EXERCISE DESCRIPTION:
Go over the lines below, and when one contains the word "vertical", copy it.

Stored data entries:
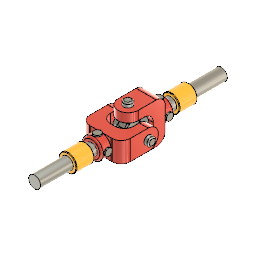
UNIV JOINT ASSEMN v0 (Autodesk Fusion 360 design; units mm, degrees)
Autodesk Fusion 360 part; units mm, degrees
note: some values were not read from the file. Chosen so that the rebuilt part matches the saved one: which face or edge a step refers to; which bodies a step acts on.
sketch "Sketch1" plane through (0, 0, 0) normal (0, 0, 1) x (1, 0, 0)
  line L0 (16.9775, 0) -> (51.0225, 0)
  line L1 (68, 31) -> (68, 78)
  line L2 (0, 78) -> (0, 31)
  line L3 (53, 51) -> (53, 78)
  line L4 (15, 51) -> (15, 78)
  line L5 (30, 36) -> (38, 36)
  arc A0 (38, 36) -> (53, 51) centre (38, 51) ccw
  arc A1 (15, 51) -> (30, 36) centre (30, 51) ccw
  line L6 (16.9775, 0) -> (16.9775, 16)
  line L7 (16.9775, 16) -> (15, 16)
  line L8 (51.0225, 0) -> (51.0225, 16)
  line L9 (51.0225, 16) -> (53, 16)
  line L10 (68, 78) -> (53, 78)
  line L11 (15, 78) -> (0, 78)
  arc A2 (53, 16) -> (68, 31) centre (53, 31) ccw
  arc A3 (0, 31) -> (15, 16) centre (15, 31) ccw
  point P0 (53, 36)
  dimension "d2" = 78
  dimension "d5" = 42
  dimension "d6" = 15
  dimension "d7" = 15
  dimension "d8" = 16
  dimension "d9" = 15
  dimension "d10" = 15
  constraint horizontal L0
  constraint vertical L1
  constraint horizontal L10
  constraint vertical L2
  constraint vertical L3
  constraint coincident P0 L3
  constraint coincident P0 L5
  constraint tangent L3 A0
  constraint tangent L5 A0
  constraint tangent L4 A1
  constraint tangent L5 A1
  constraint perpendicular L0 L6
  constraint perpendicular L2 L7
  constraint collinear L10 L11
  constraint tangent L9 A2
  constraint tangent L1 A2
  constraint tangent L7 A3
  constraint tangent L2 A3
  measures "d2" distance of origin L2.start
  measures "d5" distance of P0 L3.end
  measures "d6" radius of A0
  measures "d7" radius of A1
  measures "d8" distance of L0.start L6.end
  measures "d9" radius of A2
  measures "d10" radius of A3
extrude "Extrude1" add sketch "Sketch1" along normal blind 34 makes body 1
fillet "Fillet1" radius 3 2 edges at (16.9775, 0, 17) (51.0225, 0, 17) on bodies 1
sketch "Sketch2" plane through (0, 0, 0) normal (0, -1, 0) x (1, 0, 0)
  line L0 (48.0225, 0) -> (48.0225, 34)
  line L1 (48.0225, 34) -> (19.9775, 34)
  line L2 (19.9775, 34) -> (19.9775, 0)
  line L3 (19.9775, 0) -> (48.0225, 0)
  circle A0 centre (34, 17) radius 9.5
  dimension "d16" = 19
  measures "d16" diameter of A0
extrude "Extrude2" cut sketch "Sketch2" against normal blind 95 contours A0 bodies 1
fillet "Fillet2" radius 2 4 edges at (68, 78, 17) (53, 78, 17) (15, 78, 17) (0, 78, 17) on bodies 1
sketch "Sketch3" plane through (68, 0, 0) normal (1, 0, 0) x (0, 1, 0)
  line L0 (76, 0) -> (76, 34)
  line L1 (76, 34) -> (31, 34)
  line L2 (31, 34) -> (31, 0)
  line L3 (31, 0) -> (76, 0)
  circle A0 centre (61.5, 17) radius 6
  dimension "d23" = 12
  measures "d23" diameter of A0
delete_face "DeleteFace1" 1 faces at (66.3785, 77.9639, 11.3333) on bodies 1
delete_face "DeleteFace2" 3 faces at (53.5525, 77.3802, 11.3333) (14.4475, 77.3802, 11.3333) (0.8399, 77.6292, 11.3333) on bodies 1
extrude "Extrude3" cut sketch "Sketch3" against normal blind 100 contours A0 bodies 1
fillet "Fillet3" radius 17 2 edges at (60.5, 78, 34) (60.5, 78, 0) on bodies 1
fillet "Fillet4" radius 17 2 edges at (7.5, 78, 34) (7.5, 78, 0) on bodies 1
delete_face "DeleteFace3" 2 faces at (48.1653, 0.0034, 11.3333) (19.8347, 0.0034, 11.3333) on bodies 1
sketch "Sketch4" plane through (0, 0, 0) normal (0, -1, 0) x (1, 0, 0)
  line L0 (16.9775, 34) -> (16.9775, 0)
  line L1 (16.9775, 0) -> (51.0225, 0)
  line L2 (51.0225, 0) -> (51.0225, 34)
  line L3 (51.0225, 34) -> (16.9775, 34)
  circle A0 centre (34, 17) radius 9.5
  circle A1 centre (34, 17) radius 17
  line L4 (15, 40) -> (55, 40)
  line L5 (55, 40) -> (55, -5)
  line L6 (55, -5) -> (15, -5)
  line L7 (15, -5) -> (15, 40)
  dimension "d30" = 34
  constraint concentric A0 A1
  constraint horizontal L4
  constraint vertical L5
  constraint horizontal L6
  constraint vertical L7
  measures "d30" diameter of A1
extrude "Extrude4" cut sketch "Sketch4" against normal blind 15.9 contours L0 L1 L3 A1 | L1 L2 L3 A1 | L4 L5 L6 L7 bodies 1
fillet "Fillet5" radius 3 1 edges at (18.1504, 0, 10.8525) on bodies 1
sketch "Sketch5" plane through (0, 0, 0) normal (0, -1, 0) x (1, 0, 0)
  circle A0 centre (34, 17) radius 9.5
  circle A1 centre (34, 17) radius 14
  circle A2 centre (34, 17) radius 15
  circle A3 centre (34, 17) radius 10
  dimension "d35" = 30
  dimension "d36" = 20
  constraint concentric A0 A2
  constraint concentric A2 A3
  measures "d35" diameter of A2
  measures "d36" diameter of A3
extrude "Extrude5" add sketch "Sketch5" along normal blind 30 separate body contours A1 | A2 makes body 2
move_body "Move1" bodies 2 to x (1, 0, 0) y (0, 1, 0) z (0, 0, 1) at (0, -10, 0)
sketch "Sketch6" plane through (0, -40, 0) normal (0, -1, 0) x (1, 0, 0)
  circle A0 centre (34, 17) radius 10
  circle A1 centre (34, 17) radius 15
  circle A2 centre (34, 17) radius 8.5
  dimension "d39" = 17
  constraint concentric A0 A2
  measures "d39" diameter of A2
extrude "Extrude6" add sketch "Sketch6" against normal blind 7 separate body contours A2 makes body 3
sketch "Sketch7" plane through (0, -33, 0) normal (0, 1, 0) x (-1, 0, 0)
  circle A0 centre (-34, 17) radius 8.5
  circle A1 centre (-34, 17) radius 7.5
  dimension "d42" = 15
  constraint concentric A0 A1
  measures "d42" diameter of A1
extrude "Extrude7" add sketch "Sketch7" along normal blind 6 separate body contours A1 makes body 4
copy_body "CopyPasteBodies1" bodies 3 makes body 5
move_body "Move2" bodies 5 to x (1, 0, 0) y (0, 1, 0) z (0, 0, 1) at (0, 13, 0)
combine "Combine1" operation add target body 5 tool bodies 4 3
sketch "Sketch8" plane through (0, -40, 0) normal (0, -1, 0) x (1, 0, 0)
  circle A0 centre (34, 17) radius 8.5
  circle A1 centre (34, 17) radius 12.5
  dimension "d48" = 25
  constraint concentric A0 A1
  measures "d48" diameter of A1
extrude "Extrude8" add sketch "Sketch8" along normal blind 10 contours A0 | A1 bodies 5
sketch "Sketch9" plane through (0, -50, 0) normal (0, -1, 0) x (1, 0, 0)
  circle A0 centre (34, 17) radius 12.5
  circle A1 centre (34, 17) radius 10
  dimension "d51" = 20
  constraint concentric A0 A1
  measures "d51" diameter of A1
extrude "Extrude9" add sketch "Sketch9" along normal blind 100 contours A1 bodies 5
move_body "Move3" bodies 5 to x (1, 0, 0) y (0, 1, 0) z (0, 0, 1) at (0, 55, 0)
chamfer "Chamfer1" distance 1 angle 45 2 edges at (20.0151, -10, 11.5758) (20.0151, -40, 11.5758) on bodies 2
ref_plane "WorkPlane1" through (0, 0, 35) normal (0, 0, 1) x (1, 0, 0)
sketch "Sketch10" plane through (0, 0, 35) normal (0, 0, 1) x (1, 0, 0)
  circle A0 centre (34, 10) radius 3
  dimension "d59" = 6
  measures "d59" diameter of A0
extrude "Extrude10" cut sketch "Sketch10" against normal blind 12 bodies 1 5
pattern_circular "C-Pattern1" count 4 over 360 about axis through (34, 3, 17) along (0, 1, 0) of 1 faces at (36.4654, 11.7094, 28.7265) on bodies 1
move_body "Move4" bodies 1 2 5 to x (1, 0, 0) y (0, 1, 0) z (0, 0, 1) at (0, -100, 0)
sketch "Sketch11" plane through (0, 0, 0) normal (0, 0, 1) x (1, 0, 0)
  circle A0 centre (30, 30) radius 3
  dimension "d67" = 6
  measures "d67" diameter of A0
extrude "Extrude11" add sketch "Sketch11" along normal blind 10 separate body makes body 6
sketch "Sketch12" plane through (0, 0, 10) normal (0, 0, 1) x (-1, 0, 0)
  circle A0 centre (-30, -30) radius 3
  circle A1 centre (-30, -30) radius 6
  dimension "d70" = 12
  constraint concentric A0 A1
  measures "d70" diameter of A1
extrude "Extrude12" add sketch "Sketch12" along normal blind 2 contours A0 | A1 bodies 6
move_body "Move5" bodies 6 to x (1, 0, 0) y (0, 1, 0) z (0, 0, 1) at (4, -120, 34)
pattern_circular "C-Pattern2" count 4 over 360 about axis through (34, -97, 17) along (0, 1, 0) of bodies 6 makes body 7 at (57.6667, -91.5643, 19.5599) makes body 8 at (36.5599, -91.5643, -6.6667) makes body 9 at (10.3333, -91.0261, 19.8191)
move_body "Move6" bodies 6 to x (1, 0, 0) y (0, 1, 0) z (0, 0, 1) at (0, 0, -10)
move_body "Move7" bodies 7 to x (1, 0, 0) y (0, 1, 0) z (0, 0, 1) at (-10, 0, 0)
move_body "Move8" bodies 9 to x (1, 0, 0) y (0, 1, 0) z (0, 0, 1) at (10, 0, 0)
move_body "Move9" bodies 8 to x (1, 0, 0) y (0, 1, 0) z (0, 0, 1) at (0, 0, 10)
mirror "Mirror1" about plane through (0, 0, 0) normal (0, 1, 0) of bodies 6 1 2 7 5 8 9 makes body 10 at (5.0509, 53.0438, 34) makes body 11 at (48.9814, 129.6667, 16.2523) makes body 12 at (46.4379, 88.3333, 15.7554) makes body 13 at (34.445, 91.9499, 36) makes body 14 at (53, 91.9499, 16.555) makes body 15 at (37.9777, 90.2981, -2) makes body 16 at (15, 88.0501, 16.555)
move_body "Move10" bodies 12 16 15 10 11 14 13 to x (0, 0, 1) y (0, 1, 0) z (-1, 0, 0) at (51, 0, -17)
sketch "Sketch13" plane through (0, 0, 0) normal (1, 0, 0) x (0, 1, 0)
  circle A0 centre (0, 150) radius 6
  line L0 (7.7, 137.3) -> (-7.7, 137.3)
  line L1 (-12.7, 142.3) -> (-12.7, 157.7)
  line L2 (-7.7, 162.7) -> (7.6, 162.7)
  line L3 (12.7, 157.7) -> (12.7, 142.3)
  line L4 (12.7, 137.3) -> (-12.7, 162.7) construction
  line L5 (-12.7, 137.3) -> (12.7, 162.7) construction
  line L6 (-7.7, 162.7) -> (-12.7, 157.7)
  line L7 (7.6, 162.7) -> (12.7, 157.7)
  line L8 (12.7, 142.3) -> (7.7, 137.3)
  line L9 (-7.7, 137.3) -> (-12.7, 142.3)
  point P0 (0, 150)
  dimension "d93" = 12
  dimension "d94" = 25.4
  dimension "d95" = 25.4
  dimension "d96" = 5
  dimension "d97" = 5
  dimension "d98" = 5.1
  dimension "d99" = 5
  dimension "d100" = 5
  dimension "d101" = 5
  dimension "d102" = 5
  dimension "d103" = 5
  constraint horizontal L0
  constraint perpendicular L0 L1
  constraint parallel L0 L2
  constraint parallel L1 L3
  constraint coincident L4 P0
  constraint coincident L5 P0
  constraint coincident P0 A0.centre
  constraint coincident L4.end L2
  constraint coincident L4.end L1
  constraint coincident L5.end L2
  constraint coincident L5.end L3
  constraint coincident L4.start L3
  constraint coincident L4.start L0
  constraint coincident L5.start L0
  constraint coincident L5.start L1
  measures "d93" diameter of A0
  measures "d94" distance of L4.end L5.end
  measures "d95" distance of L5.start L4.end
  measures "d96" distance of L4.end L2.start
  measures "d97" distance of L4.end L1.end
  measures "d98" distance of L5.end L2.end
  measures "d99" distance of L5.end L3.start
  measures "d100" distance of L4.start L3.end
  measures "d101" distance of L4.start L0.start
  measures "d102" distance of L5.start L0.end
  measures "d103" distance of L5.start L1.start
extrude "Extrude13" add sketch "Sketch13" along normal blind 15 separate body makes body 17
sketch "Sketch14" plane through (0, -12.7, 0) normal (0, -1, 0) x (1, 0, 0)
  line L0 (0, 157.7) -> (0, 142.3)
  line L1 (0, 142.3) -> (15, 142.3)
  line L2 (15, 142.3) -> (15, 157.7)
  line L3 (15, 157.7) -> (0, 157.7)
  circle A0 centre (7.5, 150) radius 6
  dimension "d106" = 12
  measures "d106" diameter of A0
extrude "Extrude14" cut sketch "Sketch14" against normal blind 45 contours A0 bodies 17
sketch "Sketch15" plane through (0, 0, 162.7) normal (0, 0, 1) x (-1, 0, 0)
  line L0 (0, -7.6) -> (0, 7.7)
  line L1 (0, 7.7) -> (-15, 7.7)
  line L2 (-15, 7.7) -> (-15, -7.6)
  line L3 (-15, -7.6) -> (0, -7.6)
  circle A0 centre (-7.5, 0) radius 6
  dimension "d109" = 7.5
  dimension "d110" = 12
  measures "d109" distance of origin A0.centre
  measures "d110" diameter of A0
extrude "Extrude15" cut sketch "Sketch15" against normal blind 35 contours A0 bodies 17
chamfer "Chamfer2" distance 2 angle 45 8 edges at (15, 10.15, 160.2) (15, -10.2, 160.2) (15, -10.2, 139.8) (15, 10.2, 139.8) (0, -10.2, 160.2) (0, 10.15, 160.2) (0, 10.2, 139.8) (0, -10.2, 139.8) on bodies 17
move_body "Move11" bodies 17 to x (1, 0, 0) y (0, 1, 0) z (0, 0, 1) at (26.8, 0, 0)
move_body "Move12" bodies 17 to x (1, 0, 0) y (0, 1, 0) z (0, 0, 1) at (0, 0, -130)
move_body "Move13" bodies 12 10 14 13 16 15 11 to x (1, 0, 0) y (0, 1, 0) z (0, 0, 1) at (0, -39, 0)
move_body "Move14" bodies 9 7 5 2 8 6 1 to x (1, 0, 0) y (0, 1, 0) z (0, 0, 1) at (0, 38.5, 0)
move_body "Move15" bodies 17 to x (1, 0, 0) y (0, 1, 0) z (0, 0, 1) at (0, 0, -3)
sketch "Sketch16" plane through (0, 0, 51) normal (0, 0, 1) x (-1, 0, 0)
  circle A0 centre (-34, 0.5) radius 6
  arc A1 (-17, 0) -> (-51, 0) centre (-34, 0) ccw
  line L0 (-51, 0) -> (-51, -30)
  line L1 (-51, -30) -> (-17, -30)
  line L2 (-17, -30) -> (-17, 0)
  circle A2 centre (-34, 0.5) radius 6
  dimension "d129" = 12
  constraint concentric A0 A2
  measures "d129" diameter of A2
extrude "Extrude16" add sketch "Sketch16" along normal blind 33 separate body contours A0 A2 makes body 18
sketch "Sketch17" plane through (0, 0, 84) normal (0, 0, 1) x (-1, 0, 0)
  circle A0 centre (-34, 0.5) radius 6
  circle A1 centre (-34, 0.5) radius 7
  dimension "d132" = 14
  constraint concentric A0 A1
  measures "d132" diameter of A1
extrude "Extrude17" add sketch "Sketch17" along normal blind 7 contours A0 | A1 bodies 18
move_body "Move16" bodies 18 to x (1, 0, 0) y (0, 1, 0) z (0, 0, 1) at (0, 0, -33)
fillet "Fillet6" radius 2 1 edges at (40.5263, 2.0313, 58) on bodies 18
pattern_circular "C-Pattern3" count 4 over 360 about axis through (34, -56.5, 17) along (0, -1, 0) of bodies 18 makes body 19 at (11, 0.0974, 11.0298) makes body 20 at (39.9702, 0.0974, -6) makes body 21 at (57, 0.0974, 22.9702)
equation "d103 = d102"
named bodies: "Body3", "Body4", "Body4 (1)", "Body4 (2)", "Body4 (3)", "Body3 (1)", "Body4 (4)", "Body4 (1) (1)", "Body4 (2) (1)", "Body4 (3) (1)"
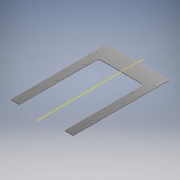
# Autodesk Inventor part: Front
Saved by Autodesk Inventor 2018 (Build 220112000, 112)
## iProperties
Created: 2017-10-08
Part Number: Front
Material: Edelstahl
Document SubType Name: Blech
Designer: jro
Density: 8 g/cm^3
Sheet Metal Rule: Standard_mm
Appearance: Halbpoliert
Mass: 436.49 g
Surface Area: 580.02 cm^2
Volume: 54.5612 cm^3
Author: jro
Autodesk Inventor part; units mm, degrees
ref_plane "YZ Plane" through (0, 0, 0) normal (1, 0, 0) x (0, 1, 0)
ref_plane "XZ Plane" through (0, 0, 0) normal (0, 1, 0) x (-1, 0, 0)
ref_plane "XY Plane" through (0, 0, 0) normal (0, 0, 1) x (1, 0, 0)
sketch "Skizze1" plane through (0, 0, 0) normal (0, 0, 1) x (1, 0, 0)
  line L0 (106.9629, 2) -> (-106.9629, 2)
  line L1 (0, -19.6018) -> (0, 5.6106)
  line L2 (0, 2) -> (81.5, 2)
  line L3 (0, 2) -> (-81.5, 2)
  line L4 (-81.5, 2) -> (-81.5, 277)
  line L5 (81.5, 2) -> (81.5, 277)
  line L6 (71.5, 287) -> (-71.5, 287)
  arc A0 (81.5, 277) -> (71.5, 287) centre (71.5, 277) ccw
  arc A1 (-71.5, 287) -> (-81.5, 277) centre (-71.5, 277) ccw
  line L7 (-81.5, 2) -> (-106.9629, 2)
  line L8 (-106.9629, 2) -> (-106.9629, 347)
  line L9 (81.5, 2) -> (106.9629, 2)
  line L10 (106.9629, 2) -> (106.9629, 347)
  line L11 (106.9629, 347) -> (-106.9629, 347)
  point P0 (0, 0)
  point P1 (-81.5, 287)
  point P2 (81.5, 287)
  point P3 (-106.9629, 347)
  dimension "d7" = 0
  dimension "d0" = 81.5
  dimension "d1" = 81.5
  dimension "PortalHoehe" = 285
  dimension "d3" = 285
  dimension "d4" = 10
  dimension "GesammtHoehe" = 345
  dimension "d6" = 345
  measures "d0" distance of L2.start L2.end
  measures "d1" distance of L2.start L3.end
  measures "PortalHoehe" distance of L3.end point (-81.5, 287)
  measures "d3" distance of L2.end point (81.5, 287)
  measures "d4" radius of A0
  measures "GesammtHoehe" distance of L0.end point (-106.963, 347)
  measures "d6" distance of L0.start point (106.963, 347)
extrude "Grobblech1" add sketch "Skizze1" along normal blind 2 contours L0 L5 A0 L6 A1 L4 L8 L11 L10
fillet "Rundung1" radius 2 2 edges at (-81.5, 2, 1) (81.5, 2, 1)
sketch "Skizze3" plane through (0, 0, 0) normal (0, 0, -1) x (-1, 0, 0)
  arc A0 (-83.5, 2) -> (-81.5, 4) centre (-83.5, 4) ccw projected
  line L0 (-81.5, 277) -> (-81.5, 4) projected
  arc A1 (-71.5, 287) -> (-81.5, 277) centre (-71.5, 277) ccw projected
  line L1 (71.5, 287) -> (-71.5, 287) projected
  arc A2 (81.5, 277) -> (71.5, 287) centre (71.5, 277) ccw projected
  line L2 (81.5, 4) -> (81.5, 277) projected
  arc A3 (81.5, 4) -> (83.5, 2) centre (83.5, 4) ccw projected
  line L3 (106.9629, 2) -> (83.5, 2) projected
  line L4 (106.9629, 347) -> (106.9629, 2) projected
  line L5 (-106.9629, 347) -> (106.9629, 347) projected
  line L6 (-106.9629, 2) -> (-106.9629, 347) projected
  line L7 (-83.5, 2) -> (-106.9629, 2) projected
  circle A4 centre (-87.5, 142) radius 2.15
  circle A5 centre (87.5, 142) radius 2.15
  circle A6 centre (-87.5, 242) radius 2.15
  circle A7 centre (87.5, 242) radius 2.15
  point P0 (0, 0)
  dimension "Durchmesser" = 4.3
  dimension "d23" = 140
  dimension "d24" = 6
  dimension "d25" = 4.3
  dimension "d26" = 6
  dimension "d27" = 140
  dimension "d30" = 4.3
  dimension "d31" = 4.3
  dimension "d32" = 6
  dimension "d33" = 6
  dimension "d34" = 100
  dimension "d35" = 100
  constraints: 4 centre point
  measures "Durchmesser" diameter of A4
  measures "d23" distance from line of L7 A4.centre
  measures "d24" distance from line of L0 A4.centre
  measures "d25" diameter of A5
  measures "d26" distance from line of L2 A5.centre
  measures "d27" distance from line of L3 A5.centre
  measures "d30" diameter of A6
  measures "d31" diameter of A7
  measures "d32" distance from line of L0 A6.centre
  measures "d33" distance from line of L2 A7.centre
  measures "d34" distance of A5.centre A7.centre
  measures "d35" distance of A4.centre A6.centre
extrude "Extrusion3" cut sketch "Skizze3" against normal through all contours A4 | A5 | A6 | A7
ref_plane "Arbeitsebene1" through (0, 2, 0) normal (-1, 0, 0) x (0, 0, 1)
sketch "Skizze4" plane through (0, 0, 0) normal (0, 0, -1) x (-1, 0, 0)
  line L0 (-106.9629, 2) -> (-106.9629, 347) projected
  line L1 (-111.9999, 2) -> (-111.9999, 339.9629)
  line L2 (106.9629, 347) -> (106.9629, 2) projected
  line L3 (111.9999, 339.9629) -> (111.9999, 2)
  line L4 (-106.9629, 2) -> (-83.5, 2) projected
  line L5 (-106.9629, 2) -> (-111.9999, 2)
  line L6 (-111.9999, 2) -> (-111.9999, 347)
  line L7 (-111.9999, 347) -> (-106.9629, 347)
  line L8 (-106.9629, 347) -> (-106.9629, 2)
  line L9 (106.9629, 2) -> (106.9629, 347) projected
  line L10 (106.9629, 2) -> (111.9999, 2)
  line L11 (111.9999, 2) -> (111.9999, 347)
  line L12 (111.9999, 347) -> (106.9629, 347)
  line L13 (106.9629, 347) -> (106.9629, 2)
  point P0 (0, 0)
  dimension "d38" = 223.9998
  dimension "d39" = 345
  constraints: 20 end point, 4 parallel, 2 horizontal, 2 perpendicular, 2 point on line, 2 vertical, 4 other
  measures "d38" distance between parallel lines of L3 L6
  measures "d39" distance between parallel lines of L12 L4
extrude "Extrusion4" add sketch "Skizze4" against normal up to surface (2 mm away)
fillet "Rundung2" radius 2 4 edges at (111.9999, 2, 1) (111.9999, 347, 1) (-111.9999, 347, 1) (-111.9999, 2, 1)
sketch "Skizze6" plane through (0, 0, 0) normal (0, 0, -1) x (-1, 0, 0)
  circle A0 centre (-101.9999, 302) radius 2.15
  circle A1 centre (-101.9999, 192) radius 2.15
  circle A2 centre (-101.9999, 82) radius 2.15
  circle A3 centre (101.9999, 82) radius 2.15
  circle A4 centre (101.9999, 192) radius 2.15
  circle A5 centre (101.9999, 302) radius 2.15
  point P0 (0, 0)
  constraints: 6 centre point, 12 other
extrude "Extrusion5" cut sketch "Skizze6" against normal through all
equation "\"d0\" = 0.5 * PortalBreite"
equation "\"d1\" = 0.5 * PortalBreite"
equation "\"d25\" = Durchmesser"
equation "\"d26\" = d24"
equation "\"d27\" = d23"
equation "\"d30\" = Durchmesser"
equation "\"d31\" = Durchmesser"
equation "\"d32\" = d24"
equation "\"d33\" = d24"
equation "\"d35\" = d34"
equation "\"d8\" = Stärke"
equation "\"d3\" = PortalHoehe"
equation "\"d6\" = GesammtHoehe"
equation "\"PortalBreite\" = 163"
equation "\"Biegeradius\" = Stärke"
equation "\"BreiteBiegungsfreistellung\" = Stärke"
equation "\"TiefeBiegungsfreistellung\" = 0.5 * Stärke"
equation "\"GrößeEckenfreistellung\" = 4 * Stärke"
equation "\"MinimalRest\" = 2 * Stärke"
equation "\"Übergangsradius\" = Biegeradius"
equation "\"JacobiRadiusGröße\" = Biegeradius"
equation "\"Abstandsgröße\" = Stärke"
equation "\"Stärke\" = 2"

RESULT OF THIS TASK:
  constraint vertical L1
  constraint vertical L2
  constraint vertical L3
  constraint vertical L5
  constraint vertical L7
  constraints: 20 end point, 4 parallel, 2 horizontal, 2 perpendicular, 2 point on line, 2 vertical, 4 other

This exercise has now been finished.